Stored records
* * * *
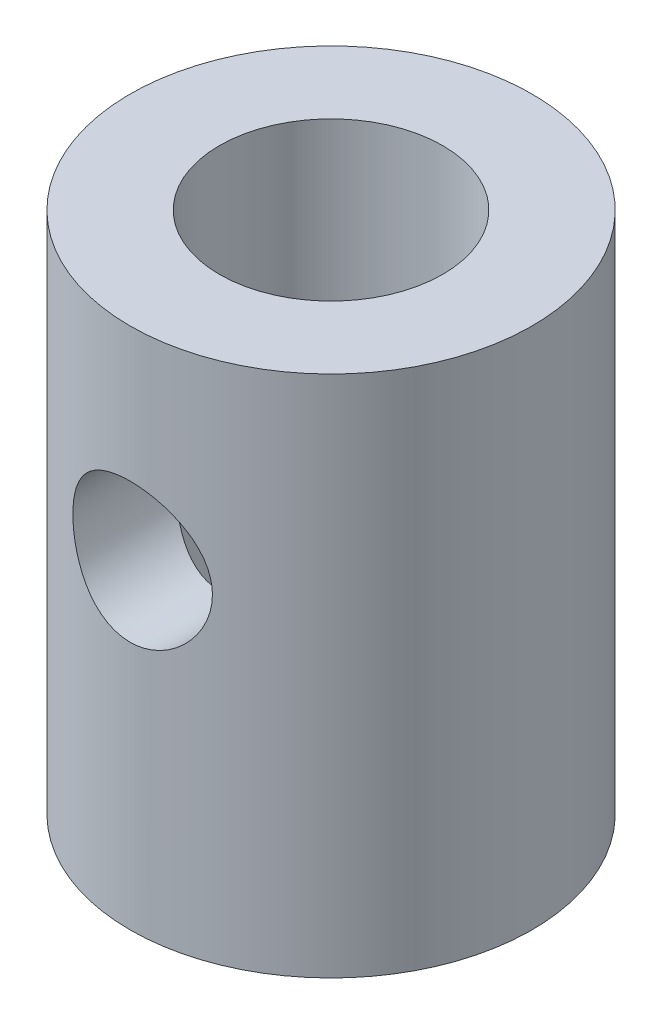
ISO-10303-21;
HEADER;
FILE_DESCRIPTION(('STEP AP214'),'2;1');
FILE_NAME('part.step','',(''),(''),'','','');
FILE_SCHEMA(('AUTOMOTIVE_DESIGN { 1 0 10303 214 1 1 1 1 }'));
ENDSEC;
DATA;
#1=APPLICATION_CONTEXT('core data for automotive mechanical design processes');
#2=APPLICATION_PROTOCOL_DEFINITION('international standard','automotive_design',2000,#1);
#3=PRODUCT_CONTEXT('',#1,'mechanical');
#4=PRODUCT('Part','Part','',(#3));
#5=PRODUCT_RELATED_PRODUCT_CATEGORY('part','',(#4));
#6=PRODUCT_DEFINITION_FORMATION('','',#4);
#7=PRODUCT_DEFINITION_CONTEXT('part definition',#1,'design');
#8=PRODUCT_DEFINITION('design','',#6,#7);
#9=PRODUCT_DEFINITION_SHAPE('','',#8);
#10=(LENGTH_UNIT() NAMED_UNIT(*) SI_UNIT(.MILLI.,.METRE.));
#11=(NAMED_UNIT(*) PLANE_ANGLE_UNIT() SI_UNIT($,.RADIAN.));
#12=(NAMED_UNIT(*) SI_UNIT($,.STERADIAN.) SOLID_ANGLE_UNIT());
#13=UNCERTAINTY_MEASURE_WITH_UNIT(LENGTH_MEASURE(1.E-05),#10,'distance_accuracy_value','');
#14=(GEOMETRIC_REPRESENTATION_CONTEXT(3) GLOBAL_UNCERTAINTY_ASSIGNED_CONTEXT((#13)) GLOBAL_UNIT_ASSIGNED_CONTEXT((#10,
#11,#12)) REPRESENTATION_CONTEXT('',''));
#15=CARTESIAN_POINT('',(0.,0.,0.));
#16=DIRECTION('',(0.,0.,1.));
#17=DIRECTION('',(1.,0.,0.));
#18=AXIS2_PLACEMENT_3D('',#15,#16,#17);
#19=CARTESIAN_POINT('',(0.,20.828,0.));
#20=DIRECTION('',(0.,1.,0.));
#21=DIRECTION('',(0.,0.,1.));
#22=AXIS2_PLACEMENT_3D('',#19,#20,#21);
#23=PLANE('',#22);
#24=CARTESIAN_POINT('',(0.,20.828,0.));
#25=DIRECTION('',(0.,1.,0.));
#26=DIRECTION('',(0.,0.,1.));
#27=AXIS2_PLACEMENT_3D('',#24,#25,#26);
#28=CIRCLE('',#27,8.001);
#29=CARTESIAN_POINT('',(0.,20.828,8.001));
#30=VERTEX_POINT('',#29);
#31=EDGE_CURVE('E12',#30,#30,#28,.T.);
#32=ORIENTED_EDGE('',*,*,#31,.T.);
#33=EDGE_LOOP('',(#32));
#34=FACE_BOUND('',#33,.T.);
#35=CARTESIAN_POINT('',(0.,20.828,0.));
#36=DIRECTION('',(0.,1.,0.));
#37=DIRECTION('',(0.,0.,1.));
#38=AXIS2_PLACEMENT_3D('',#35,#36,#37);
#39=CIRCLE('',#38,4.445);
#40=CARTESIAN_POINT('',(0.,20.828,4.445));
#41=VERTEX_POINT('',#40);
#42=EDGE_CURVE('E63',#41,#41,#39,.T.);
#43=ORIENTED_EDGE('',*,*,#42,.F.);
#44=EDGE_LOOP('',(#43));
#45=FACE_BOUND('',#44,.T.);
#46=ADVANCED_FACE('F45',(#34,#45),#23,.T.);
#47=CARTESIAN_POINT('',(0.,0.,0.));
#48=DIRECTION('',(0.,1.,0.));
#49=DIRECTION('',(0.,0.,1.));
#50=AXIS2_PLACEMENT_3D('',#47,#48,#49);
#51=PLANE('',#50);
#52=CARTESIAN_POINT('',(0.,0.,0.));
#53=DIRECTION('',(0.,1.,0.));
#54=DIRECTION('',(0.,0.,1.));
#55=AXIS2_PLACEMENT_3D('',#52,#53,#54);
#56=CIRCLE('',#55,8.001);
#57=CARTESIAN_POINT('',(0.,0.,8.001));
#58=VERTEX_POINT('',#57);
#59=EDGE_CURVE('E58',#58,#58,#56,.T.);
#60=ORIENTED_EDGE('',*,*,#59,.F.);
#61=EDGE_LOOP('',(#60));
#62=FACE_BOUND('',#61,.T.);
#63=CARTESIAN_POINT('',(0.,0.,0.));
#64=DIRECTION('',(0.,1.,0.));
#65=DIRECTION('',(0.,0.,1.));
#66=AXIS2_PLACEMENT_3D('',#63,#64,#65);
#67=CIRCLE('',#66,4.445);
#68=CARTESIAN_POINT('',(0.,0.,4.445));
#69=VERTEX_POINT('',#68);
#70=EDGE_CURVE('E65',#69,#69,#67,.T.);
#71=ORIENTED_EDGE('',*,*,#70,.T.);
#72=EDGE_LOOP('',(#71));
#73=FACE_BOUND('',#72,.T.);
#74=ADVANCED_FACE('F85',(#62,#73),#51,.F.);
#75=CARTESIAN_POINT('',(0.,20.828,0.));
#76=DIRECTION('',(0.,-1.,0.));
#77=DIRECTION('',(0.,0.,-1.));
#78=AXIS2_PLACEMENT_3D('',#75,#76,#77);
#79=CYLINDRICAL_SURFACE('',#78,8.001);
#80=CARTESIAN_POINT('',(2.77876,12.7,7.50296567114631));
#81=CARTESIAN_POINT('',(2.77876212863539,12.549059022471,7.50296389657498));
#82=CARTESIAN_POINT('',(2.76642003558003,12.3981328603388,7.5075702070208));
#83=CARTESIAN_POINT('',(2.7175626943319,12.1007778159867,7.52539149104492));
#84=CARTESIAN_POINT('',(2.6810451243575,11.9543493671349,7.53860729146559));
#85=CARTESIAN_POINT('',(2.5852951565136,11.6703510400628,7.57197390736818));
#86=CARTESIAN_POINT('',(2.52611039842604,11.5327632847795,7.59211016902121));
#87=CARTESIAN_POINT('',(2.38687097517846,11.2694217526699,7.63702697064032));
#88=CARTESIAN_POINT('',(2.30681111478616,11.1436709323454,7.66180866629354));
#89=CARTESIAN_POINT('',(2.12444775978158,10.9022261958283,7.71440543553159));
#90=CARTESIAN_POINT('',(2.0214045858259,10.7871082842002,7.74230069893931));
#91=CARTESIAN_POINT('',(1.79757523478949,10.5753898047312,7.79730666818172));
#92=CARTESIAN_POINT('',(1.67678593195421,10.4787925059835,7.82441723479302));
#93=CARTESIAN_POINT('',(1.41662934979774,10.3041923040121,7.87573557459727));
#94=CARTESIAN_POINT('',(1.27682954120934,10.2268002131398,7.89983815255547));
#95=CARTESIAN_POINT('',(0.985213131659621,10.0968633610155,7.94147388199872));
#96=CARTESIAN_POINT('',(0.833400080918614,10.0443112906793,7.95900896562897));
#97=CARTESIAN_POINT('',(0.528111330978504,9.96752098135245,7.98496560995782));
#98=CARTESIAN_POINT('',(0.374911711312878,9.94229442106042,7.9937044143121));
#99=CARTESIAN_POINT('',(0.0662212435110383,9.91772089710158,8.00221399416071));
#100=CARTESIAN_POINT('',(-0.0892689524623575,9.91836670427311,8.00198727476892));
#101=CARTESIAN_POINT('',(-0.391102956684875,9.94490922174468,7.99280210530326));
#102=CARTESIAN_POINT('',(-0.537554507985823,9.96973083051991,7.98421543014063));
#103=CARTESIAN_POINT('',(-0.824066996356055,10.0421326242364,7.95974865922028));
#104=CARTESIAN_POINT('',(-0.964127491195955,10.0897143814591,7.94386805959797));
#105=CARTESIAN_POINT('',(-1.23614284267697,10.2068707574686,7.90614198557191));
#106=CARTESIAN_POINT('',(-1.36796057926843,10.2767373750483,7.88421787265311));
#107=CARTESIAN_POINT('',(-1.61830707602438,10.4362343500376,7.83666662876341));
#108=CARTESIAN_POINT('',(-1.73683191309842,10.5258705189381,7.81103840969232));
#109=CARTESIAN_POINT('',(-1.96360692433919,10.7277048554603,7.75722388488318));
#110=CARTESIAN_POINT('',(-2.07102858533127,10.8408182700055,7.72897376698897));
#111=CARTESIAN_POINT('',(-2.26566084059581,11.0836740872239,7.67417944372543));
#112=CARTESIAN_POINT('',(-2.35286774012803,11.2134195230849,7.64763555085001));
#113=CARTESIAN_POINT('',(-2.50587740013897,11.4886867522508,7.5988919973985));
#114=CARTESIAN_POINT('',(-2.57129988370729,11.6344351226484,7.57677196712419));
#115=CARTESIAN_POINT('',(-2.67638092625534,11.9358450377868,7.5402995112186));
#116=CARTESIAN_POINT('',(-2.71605140202881,12.0915019606548,7.52594349328888));
#117=CARTESIAN_POINT('',(-2.76675213914958,12.4002282900116,7.50744836056379));
#118=CARTESIAN_POINT('',(-2.77907766052208,12.5530572869401,7.50284766415531));
#119=CARTESIAN_POINT('',(-2.77843003738575,12.8586364020602,7.5030882341987));
#120=CARTESIAN_POINT('',(-2.7654620074162,13.0113865299525,7.5079275918033));
#121=CARTESIAN_POINT('',(-2.71576306299798,13.3063461200688,7.52603991520172));
#122=CARTESIAN_POINT('',(-2.67996372211331,13.4487351067094,7.53898190993083));
#123=CARTESIAN_POINT('',(-2.58675355184134,13.7254457494719,7.57146789067085));
#124=CARTESIAN_POINT('',(-2.52933868983367,13.8597658948347,7.59101310851799));
#125=CARTESIAN_POINT('',(-2.3923339418058,14.1215499123709,7.6353175995827));
#126=CARTESIAN_POINT('',(-2.31206171669666,14.2486299680255,7.66023044157966));
#127=CARTESIAN_POINT('',(-2.13237838636147,14.4879821954156,7.71217848356268));
#128=CARTESIAN_POINT('',(-2.03296118205675,14.6002496289875,7.73921435826037));
#129=CARTESIAN_POINT('',(-1.81156710613403,14.8129401874223,7.79409302451528));
#130=CARTESIAN_POINT('',(-1.68867456398179,14.9124216432991,7.82190276357038));
#131=CARTESIAN_POINT('',(-1.42725355533765,15.0894280398298,7.87379715575659));
#132=CARTESIAN_POINT('',(-1.28872548756484,15.1669535402022,7.897881903841));
#133=CARTESIAN_POINT('',(-1.00049672840704,15.2971842122062,7.9395252909902));
#134=CARTESIAN_POINT('',(-0.850866093016549,15.3500318462177,7.95712126176772));
#135=CARTESIAN_POINT('',(-0.544102332625241,15.4295677355479,7.98395985371242));
#136=CARTESIAN_POINT('',(-0.386972201169217,15.4562663385898,7.99320577905578));
#137=CARTESIAN_POINT('',(-0.0782478360859416,15.4817534151245,8.00203216701422));
#138=CARTESIAN_POINT('',(0.0732230133873225,15.4818886738575,8.00207903022128));
#139=CARTESIAN_POINT('',(0.37392927634761,15.457613413975,7.99367224413965));
#140=CARTESIAN_POINT('',(0.523164896733083,15.4332051815959,7.98521938660355));
#141=CARTESIAN_POINT('',(0.812400419535031,15.3614496817474,7.96094866761162));
#142=CARTESIAN_POINT('',(0.952519983371858,15.3145343486015,7.94526969682297));
#143=CARTESIAN_POINT('',(1.22294079148731,15.1995050501196,7.90816445566002));
#144=CARTESIAN_POINT('',(1.35324021135037,15.1313871577091,7.88673712069251));
#145=CARTESIAN_POINT('',(1.60584523756447,14.9728528676057,7.83928723930165));
#146=CARTESIAN_POINT('',(1.72764411194743,14.8816734463466,7.81311858920086));
#147=CARTESIAN_POINT('',(1.95464569894471,14.6808702840873,7.75944528979499));
#148=CARTESIAN_POINT('',(2.05984286992704,14.5712404094713,7.73194019837719));
#149=CARTESIAN_POINT('',(2.25532594799463,14.3309573726194,7.67725647616264));
#150=CARTESIAN_POINT('',(2.34476435876245,14.19959724141,7.65014406997125));
#151=CARTESIAN_POINT('',(2.50026158652251,13.922856090322,7.60074861161155));
#152=CARTESIAN_POINT('',(2.56632395578108,13.7774772050353,7.57846482587683));
#153=CARTESIAN_POINT('',(2.67189332860254,13.4791637701792,7.54188846606034));
#154=CARTESIAN_POINT('',(2.71182633228712,13.3263964292559,7.52746837082996));
#155=CARTESIAN_POINT('',(2.7652528640181,13.0157458355809,7.5080099206605));
#156=CARTESIAN_POINT('',(2.77875777372164,12.8578648149056,7.50296752711929));
#157=CARTESIAN_POINT('',(2.77876,12.7,7.50296567114631));
#158=B_SPLINE_CURVE_WITH_KNOTS('',3,(#80,#81,#82,#83,#84,#85,#86,#87,#88,#89,#90,#91,#92,#93,
#94,#95,#96,#97,#98,#99,#100,#101,#102,#103,#104,#105,#106,#107,#108,#109,#110,#111,#112,#113,
#114,#115,#116,#117,#118,#119,#120,#121,#122,#123,#124,#125,#126,#127,#128,#129,#130,#131,#132,
#133,#134,#135,#136,#137,#138,#139,#140,#141,#142,#143,#144,#145,#146,#147,#148,#149,#150,#151,
#152,#153,#154,#155,#156,#157),.UNSPECIFIED.,.T.,.F.,(4,2,2,2,2,2,2,2,2,2,2,2,2,2,2,2,2,2,2,2,2,
2,2,2,2,2,2,2,2,2,2,2,2,2,2,2,2,2,4),(0.,0.452237275354751,0.904517989296236,1.35585331235259,
1.80730106760552,2.27618485464552,2.7451513288259,3.22753024247407,3.70976712941744,
4.17391115031731,4.63792548270855,5.08220505674032,5.52651532623993,5.97690464088239,
6.4274265296177,6.90084886477755,7.37435766129691,7.85574496923458,8.33690935512156,
8.79474649642942,9.25249106934883,9.69265905191249,10.1329091935264,10.5880016879361,
11.0432394032128,11.5225771284093,12.0019026328503,12.4784257553046,12.9547602312255,
13.4069375530072,13.8590727581817,14.3028584731562,14.7467264337541,15.2078266203897,
15.6690803977346,16.1503948229239,16.6316360752434,17.1048218274177,17.5778037501271),.UNSPECIFIED.);
#159=CARTESIAN_POINT('',(2.77876,12.7,7.50296567114631));
#160=VERTEX_POINT('',#159);
#161=EDGE_CURVE('E68',#160,#160,#158,.T.);
#162=ORIENTED_EDGE('',*,*,#161,.T.);
#163=EDGE_LOOP('',(#162));
#164=FACE_BOUND('',#163,.T.);
#165=ORIENTED_EDGE('',*,*,#31,.F.);
#166=EDGE_LOOP('',(#165));
#167=FACE_BOUND('',#166,.T.);
#168=ORIENTED_EDGE('',*,*,#59,.T.);
#169=EDGE_LOOP('',(#168));
#170=FACE_BOUND('',#169,.T.);
#171=ADVANCED_FACE('F47',(#164,#167,#170),#79,.T.);
#172=CARTESIAN_POINT('',(0.,20.828,0.));
#173=DIRECTION('',(0.,-1.,0.));
#174=DIRECTION('',(0.,0.,-1.));
#175=AXIS2_PLACEMENT_3D('',#172,#173,#174);
#176=CYLINDRICAL_SURFACE('',#175,4.445);
#177=CARTESIAN_POINT('',(2.77876,12.7,3.46936851060823));
#178=CARTESIAN_POINT('',(2.77875934731908,12.6309166395695,3.46936952642126));
#179=CARTESIAN_POINT('',(2.77617697453853,12.5618195414941,3.47144300397511));
#180=CARTESIAN_POINT('',(2.7659053558666,12.4242335926715,3.47963054206189));
#181=CARTESIAN_POINT('',(2.75821310658919,12.355745123658,3.48574697887806));
#182=CARTESIAN_POINT('',(2.72761055167755,12.1518117787755,3.50982671239287));
#183=CARTESIAN_POINT('',(2.69717492620982,12.0180823321502,3.53351938212347));
#184=CARTESIAN_POINT('',(2.61846097629787,11.7601767743478,3.59221679615339));
#185=CARTESIAN_POINT('',(2.57033733936576,11.6359287947105,3.62712314923444));
#186=CARTESIAN_POINT('',(2.45807045428438,11.3973976724189,3.70412606634024));
#187=CARTESIAN_POINT('',(2.39392675609931,11.2831148098264,3.74622283234769));
#188=CARTESIAN_POINT('',(2.24139959352143,11.0509295827165,3.83968322270754));
#189=CARTESIAN_POINT('',(2.15091818499494,10.9346003386169,3.89153226193118));
#190=CARTESIAN_POINT('',(1.95260107495747,10.7174457805415,3.99473617006767));
#191=CARTESIAN_POINT('',(1.84475041405381,10.6166339787791,4.04609057219778));
#192=CARTESIAN_POINT('',(1.59884622877513,10.4212597202322,4.14988111214226));
#193=CARTESIAN_POINT('',(1.45871837045145,10.3289207461489,4.20169947029498));
#194=CARTESIAN_POINT('',(1.23570842497045,10.209685934271,4.27049749886069));
#195=CARTESIAN_POINT('',(1.15921153282591,10.1731455252224,4.29194681468603));
#196=CARTESIAN_POINT('',(1.0024258524154,10.1069567819055,4.33124423288451));
#197=CARTESIAN_POINT('',(0.922139730078784,10.0773036865071,4.34909482188745));
#198=CARTESIAN_POINT('',(0.766716637839651,10.0279944837547,4.37901689523235));
#199=CARTESIAN_POINT('',(0.691880812151417,10.0076303741504,4.39149040785129));
#200=CARTESIAN_POINT('',(0.540299236139968,9.97316665099036,4.41270361164225));
#201=CARTESIAN_POINT('',(0.463554616015628,9.95906341941743,4.42144545914506));
#202=CARTESIAN_POINT('',(0.308845642266153,9.93735352929286,4.43493629990138));
#203=CARTESIAN_POINT('',(0.230882073796293,9.92974285114587,4.43968776360727));
#204=CARTESIAN_POINT('',(0.0744763649724609,9.92113246365793,4.44506638158912));
#205=CARTESIAN_POINT('',(-0.00396571921602898,9.92013199284313,4.44569401091701));
#206=CARTESIAN_POINT('',(-0.217798241054252,9.92648420264837,4.44171957075102));
#207=CARTESIAN_POINT('',(-0.352992315738801,9.94046218444269,4.43296889599955));
#208=CARTESIAN_POINT('',(-0.618580964045013,9.98760269902288,4.40378081027064));
#209=CARTESIAN_POINT('',(-0.748975174124842,10.0207666817899,4.38334251600323));
#210=CARTESIAN_POINT('',(-1.00218466487202,10.1048169625401,4.33247869258662));
#211=CARTESIAN_POINT('',(-1.12497976392599,10.1557482526514,4.30202781995137));
#212=CARTESIAN_POINT('',(-1.36036996342664,10.2734303570548,4.23349423478471));
#213=CARTESIAN_POINT('',(-1.47296273379573,10.340184772616,4.1954097851921));
#214=CARTESIAN_POINT('',(-1.69979849267399,10.4969349071812,4.10916041205045));
#215=CARTESIAN_POINT('',(-1.81250241254152,10.588789283837,4.06033080375533));
#216=CARTESIAN_POINT('',(-2.02188120795744,10.7883347684124,3.96024288728845));
#217=CARTESIAN_POINT('',(-2.11853233941557,10.8960488987042,3.90898112312506));
#218=CARTESIAN_POINT('',(-2.30590106258567,11.1408008852584,3.80183320626473));
#219=CARTESIAN_POINT('',(-2.39419289926148,11.2798312969247,3.746218099384));
#220=CARTESIAN_POINT('',(-2.54581877102831,11.5741298895924,3.64488361532955));
#221=CARTESIAN_POINT('',(-2.60919877489277,11.7293674875405,3.59914608244443));
#222=CARTESIAN_POINT('',(-2.69462907214621,12.0100864117547,3.53540086504373));
#223=CARTESIAN_POINT('',(-2.7231659590439,12.132650734686,3.51326347730569));
#224=CARTESIAN_POINT('',(-2.76338842587175,12.3820528994182,3.48172193450139));
#225=CARTESIAN_POINT('',(-2.77509704821515,12.5088846537962,3.47230036913979));
#226=CARTESIAN_POINT('',(-2.78095795583738,12.7635166626644,3.4676097756384));
#227=CARTESIAN_POINT('',(-2.77506990594711,12.8913184714349,3.47237326244798));
#228=CARTESIAN_POINT('',(-2.7460463181677,13.143743912564,3.49536493615487));
#229=CARTESIAN_POINT('',(-2.72289649447774,13.26836482402,3.51360427551962));
#230=CARTESIAN_POINT('',(-2.66116971519124,13.5092647128964,3.56056933951682));
#231=CARTESIAN_POINT('',(-2.62285491224707,13.6256477435633,3.58911618115727));
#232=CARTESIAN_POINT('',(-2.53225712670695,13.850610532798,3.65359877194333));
* * * *
Problem to work on: Write out, exactly and with no pictures, the lines of the data from the first through the line containing "#3=PRODUCT_CONTEXT('',#1,'mechanical');".

Task solution:
ISO-10303-21;
HEADER;
FILE_DESCRIPTION(('STEP AP214'),'2;1');
FILE_NAME('part.step','',(''),(''),'','','');
FILE_SCHEMA(('AUTOMOTIVE_DESIGN { 1 0 10303 214 1 1 1 1 }'));
ENDSEC;
DATA;
#1=APPLICATION_CONTEXT('core data for automotive mechanical design processes');
#2=APPLICATION_PROTOCOL_DEFINITION('international standard','automotive_design',2000,#1);
#3=PRODUCT_CONTEXT('',#1,'mechanical');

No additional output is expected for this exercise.